Eine Jagdkantate also würde es werden! Und tatsächlich: Das kleine Werk wurde dann geprobt und aufgeführt. Zauber lag auch in der Luft, weil in jener Zeit auch eine neue Orgel gebaut wurde und es deren Klänge zu entdecken galt. Unvergesslich die Einweihung. In der brechend vollen Kirche konzertierte die Tochter eines früheren Pfarrers. Bach und moderne Werke waren zu hören. Unvergesslich aber auch die Aufführung einer festlichen Bachkantate. Noch nie zuvor war im kleinen Städtchen etwas Derartiges zu hören gewesen. So also weitete sich die Welt. Am Radio und auf Schallplatte konnte man Musik hören und das tat der Junge immer leidenschaftlicher. Ob er mit seinem Klavierlehrer darüber sprechen würde? Aber wie spricht man über Musik?
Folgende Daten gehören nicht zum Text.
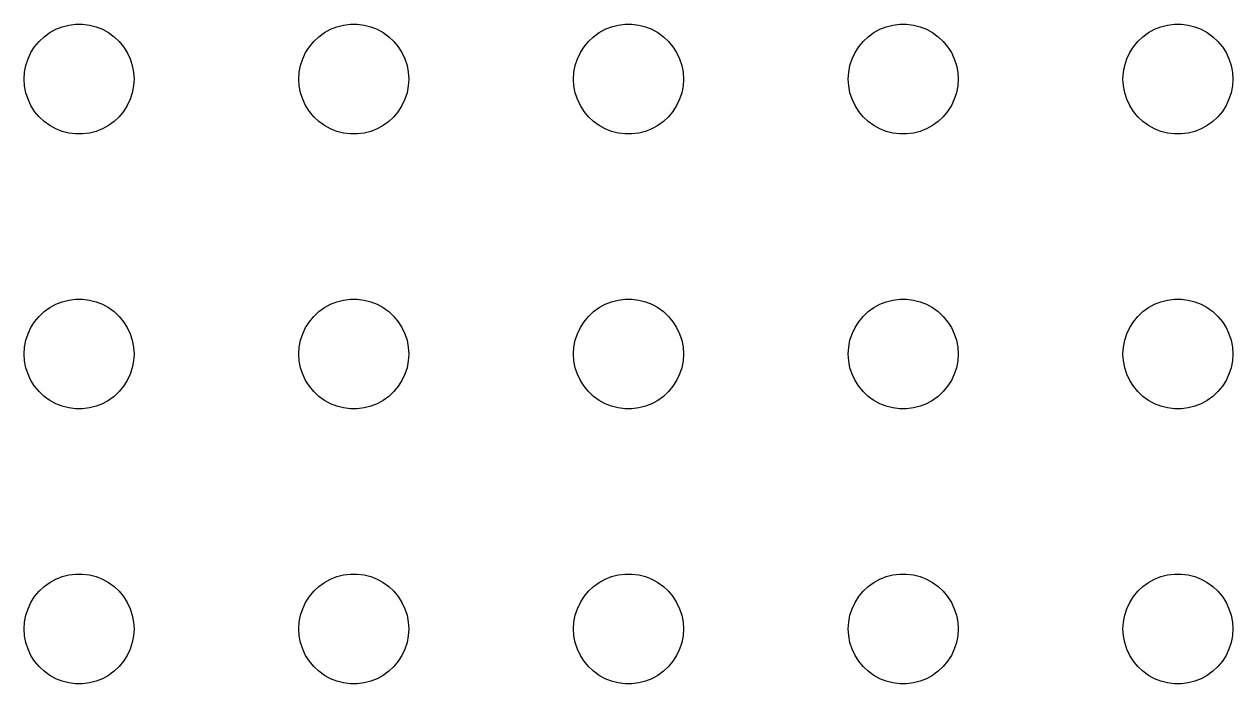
# Model space of a CAD drawing. Header units: metres. Extents: x -150 to 150, y -149 to 149.
# Drawn here: x -76.5 to -43.5, y 111 to 129 of the extents above; entities that cross this region are included whole.
import ezdxf

# ---------------------------------------------------------------- set-up
doc = ezdxf.new("R2010")
doc.units = ezdxf.units.M

msp = doc.modelspace()

# ---------------------------------------------------------------- linework, layer by layer
for p, q in [((-75.9561, 128.656), (-75.8037, 128.766)), ((-75.8037, 128.766), (-75.6387, 128.857)), ((-75.6387, 128.857), (-75.4635, 128.927)), ((-75.4635, 128.927), (-75.2811, 128.973)), ((-75.2811, 128.973), (-75.0942, 128.997)), ((-75.0942, 128.997), (-74.9058, 128.997)), ((-74.9058, 128.997), (-74.7189, 128.973)), ((-74.7189, 128.973), (-74.5365, 128.927)), ((-74.5365, 128.927), (-74.3613, 128.857)), ((-74.3613, 128.857), (-74.1963, 128.766)), ((-74.1963, 128.766), (-74.0439, 128.656)), ((-68.4561, 128.656), (-68.3037, 128.766)), ((-68.3037, 128.766), (-68.1387, 128.857)), ((-68.1387, 128.857), (-67.9635, 128.927)), ((-67.9635, 128.927), (-67.7811, 128.973)), ((-67.7811, 128.973), (-67.5942, 128.997)), ((-67.5942, 128.997), (-67.4058, 128.997)), ((-67.4058, 128.997), (-67.2189, 128.973)), ((-67.2189, 128.973), (-67.0365, 128.927)), ((-67.0365, 128.927), (-66.8613, 128.857)), ((-66.8613, 128.857), (-66.6963, 128.766)), ((-66.6963, 128.766), (-66.5439, 128.656)), ((-60.9561, 128.656), (-60.8037, 128.766)), ((-60.8037, 128.766), (-60.6387, 128.857)), ((-60.6387, 128.857), (-60.4635, 128.927)), ((-60.4635, 128.927), (-60.2811, 128.973)), ((-60.2811, 128.973), (-60.0942, 128.997)), ((-60.0942, 128.997), (-59.9058, 128.997)), ((-59.9058, 128.997), (-59.7189, 128.973)), ((-59.7189, 128.973), (-59.5365, 128.927)), ((-59.5365, 128.927), (-59.3613, 128.857)), ((-59.3613, 128.857), (-59.1963, 128.766)), ((-59.1963, 128.766), (-59.0439, 128.656)), ((-53.4561, 128.656), (-53.3037, 128.766)), ((-53.3037, 128.766), (-53.1387, 128.857)), ((-53.1387, 128.857), (-52.9635, 128.927)), ((-52.9635, 128.927), (-52.7811, 128.973)), ((-52.7811, 128.973), (-52.5942, 128.997)), ((-52.5942, 128.997), (-52.4058, 128.997)), ((-52.4058, 128.997), (-52.2189, 128.973)), ((-52.2189, 128.973), (-52.0365, 128.927)), ((-52.0365, 128.927), (-51.8613, 128.857)), ((-51.8613, 128.857), (-51.6963, 128.766)), ((-51.6963, 128.766), (-51.5439, 128.656)), ((-45.9561, 128.656), (-45.8037, 128.766)), ((-45.8037, 128.766), (-45.6387, 128.857)), ((-45.6387, 128.857), (-45.4635, 128.927)), ((-45.4635, 128.927), (-45.2811, 128.973)), ((-45.2811, 128.973), (-45.0942, 128.997)), ((-45.0942, 128.997), (-44.9058, 128.997)), ((-44.9058, 128.997), (-44.7189, 128.973)), ((-44.7189, 128.973), (-44.5365, 128.927)), ((-44.5365, 128.927), (-44.3613, 128.857)), ((-44.3613, 128.857), (-44.1963, 128.766)), ((-44.1963, 128.766), (-44.0439, 128.656)), ((-76.3145, 128.223), (-76.2135, 128.382)), ((-76.2135, 128.382), (-76.0934, 128.527)), ((-76.0934, 128.527), (-75.9561, 128.656)), ((-74.0439, 128.656), (-73.9065, 128.527)), ((-73.9065, 128.527), (-73.7865, 128.382)), ((-73.7865, 128.382), (-73.6855, 128.223)), ((-68.8145, 128.223), (-68.7135, 128.382)), ((-68.7135, 128.382), (-68.5934, 128.527)), ((-68.5934, 128.527), (-68.4561, 128.656)), ((-66.5439, 128.656), (-66.4065, 128.527)), ((-66.4065, 128.527), (-66.2865, 128.382)), ((-66.2865, 128.382), (-66.1855, 128.223)), ((-61.3145, 128.223), (-61.2135, 128.382)), ((-61.2135, 128.382), (-61.0934, 128.527)), ((-61.0934, 128.527), (-60.9561, 128.656)), ((-59.0439, 128.656), (-58.9065, 128.527)), ((-58.9065, 128.527), (-58.7865, 128.382)), ((-58.7865, 128.382), (-58.6855, 128.223)), ((-53.8145, 128.223), (-53.7135, 128.382)), ((-53.7135, 128.382), (-53.5934, 128.527)), ((-53.5934, 128.527), (-53.4561, 128.656)), ((-51.5439, 128.656), (-51.4065, 128.527)), ((-51.4065, 128.527), (-51.2865, 128.382)), ((-51.2865, 128.382), (-51.1855, 128.223)), ((-46.3145, 128.223), (-46.2135, 128.382)), ((-46.2135, 128.382), (-46.0934, 128.527)), ((-46.0934, 128.527), (-45.9561, 128.656)), ((-44.0439, 128.656), (-43.9065, 128.527)), ((-43.9065, 128.527), (-43.7865, 128.382)), ((-43.7865, 128.382), (-43.6855, 128.223)), ((-76.4529, 127.873), (-76.3947, 128.052)), ((-76.3947, 128.052), (-76.3145, 128.223)), ((-73.6855, 128.223), (-73.6053, 128.052)), ((-73.6053, 128.052), (-73.5471, 127.873)), ((-68.9529, 127.873), (-68.8947, 128.052)), ((-68.8947, 128.052), (-68.8145, 128.223)), ((-66.1855, 128.223), (-66.1053, 128.052)), ((-66.1053, 128.052), (-66.0471, 127.873)), ((-61.4529, 127.873), (-61.3947, 128.052)), ((-61.3947, 128.052), (-61.3145, 128.223)), ((-58.6855, 128.223), (-58.6053, 128.052)), ((-58.6053, 128.052), (-58.5471, 127.873)), ((-53.9529, 127.873), (-53.8947, 128.052)), ((-53.8947, 128.052), (-53.8145, 128.223)), ((-51.1855, 128.223), (-51.1053, 128.052)), ((-51.1053, 128.052), (-51.0471, 127.873)), ((-46.4529, 127.873), (-46.3947, 128.052)), ((-46.3947, 128.052), (-46.3145, 128.223)), ((-43.6855, 128.223), (-43.6053, 128.052)), ((-43.6053, 128.052), (-43.5471, 127.873)), ((-76.4882, 127.688), (-76.4529, 127.873)), ((-73.5471, 127.873), (-73.5118, 127.688)), ((-68.9882, 127.688), (-68.9529, 127.873)), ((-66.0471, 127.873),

Eines Morgens – wieder war es um die Kirchzeit und ganz still zu Haus – entdeckte der Junge das d-Moll! Plötzlich konnte er selbst, wenn er in die Tasten griff, etwas erzeugen, was wie Händel oder gar Bach klang. Natürlich musste er das in der nächsten Klavierstunde vorführen! Und der Klavierlehrer war erstaunt: Du wirst es einmal weiter bringen als ich, waren seine Worte. Für das nächste Schulfest wollte man wieder eine Kantate haben; der Junge entschied sich für eine „Europakantate“, für die Lieder zusammenmontiert und Einleitungen sowie Übergänge komponiert wurden. Immer mehr Stücke für Klavier, für die Orgel und als Kammermusik entstanden. Wenn man in die Kreisstadt fuhr, konnte man hin und wieder ein Orgelkonzert hören. Nun mussten dazu unbedingt die Noten beschafft werden. Das war nicht leicht, denn vor Ort war nichts davon verfügbar. Es gelang. Und der Junge stürzte sich darauf, obwohl er bislang eigentlich kaum je einen Orgelunterricht erhalten hatte.
Mittlerweile wurde man auf den Jungen in einem kleinen malerisch gelegenen Dorf aufmerksam, in welchem schon sein Urgroßvater als Pfarrer gewirkt hatte. Das trug sich so zu: Der Junge spielte beim Schulfest eine Klaviersonate von Paradisi und das kam so gut an, dass die Leute aus dem Dorf sich wünschten, dass der Urenkel künftig bei ihnen am Sonntag die Orgel spielen solle. Aber was hatte der kleine Junge denn schon an Erfahrung für eine solche Aufgabe? Und wie solle er die zehn Kilometer dorthin und wieder zurück bewältigen, denn es ging zu diesem Dorf in ein tief eingeschnittenes Flußtal hinunter – also anschließend wieder hinauf zur Hochebene?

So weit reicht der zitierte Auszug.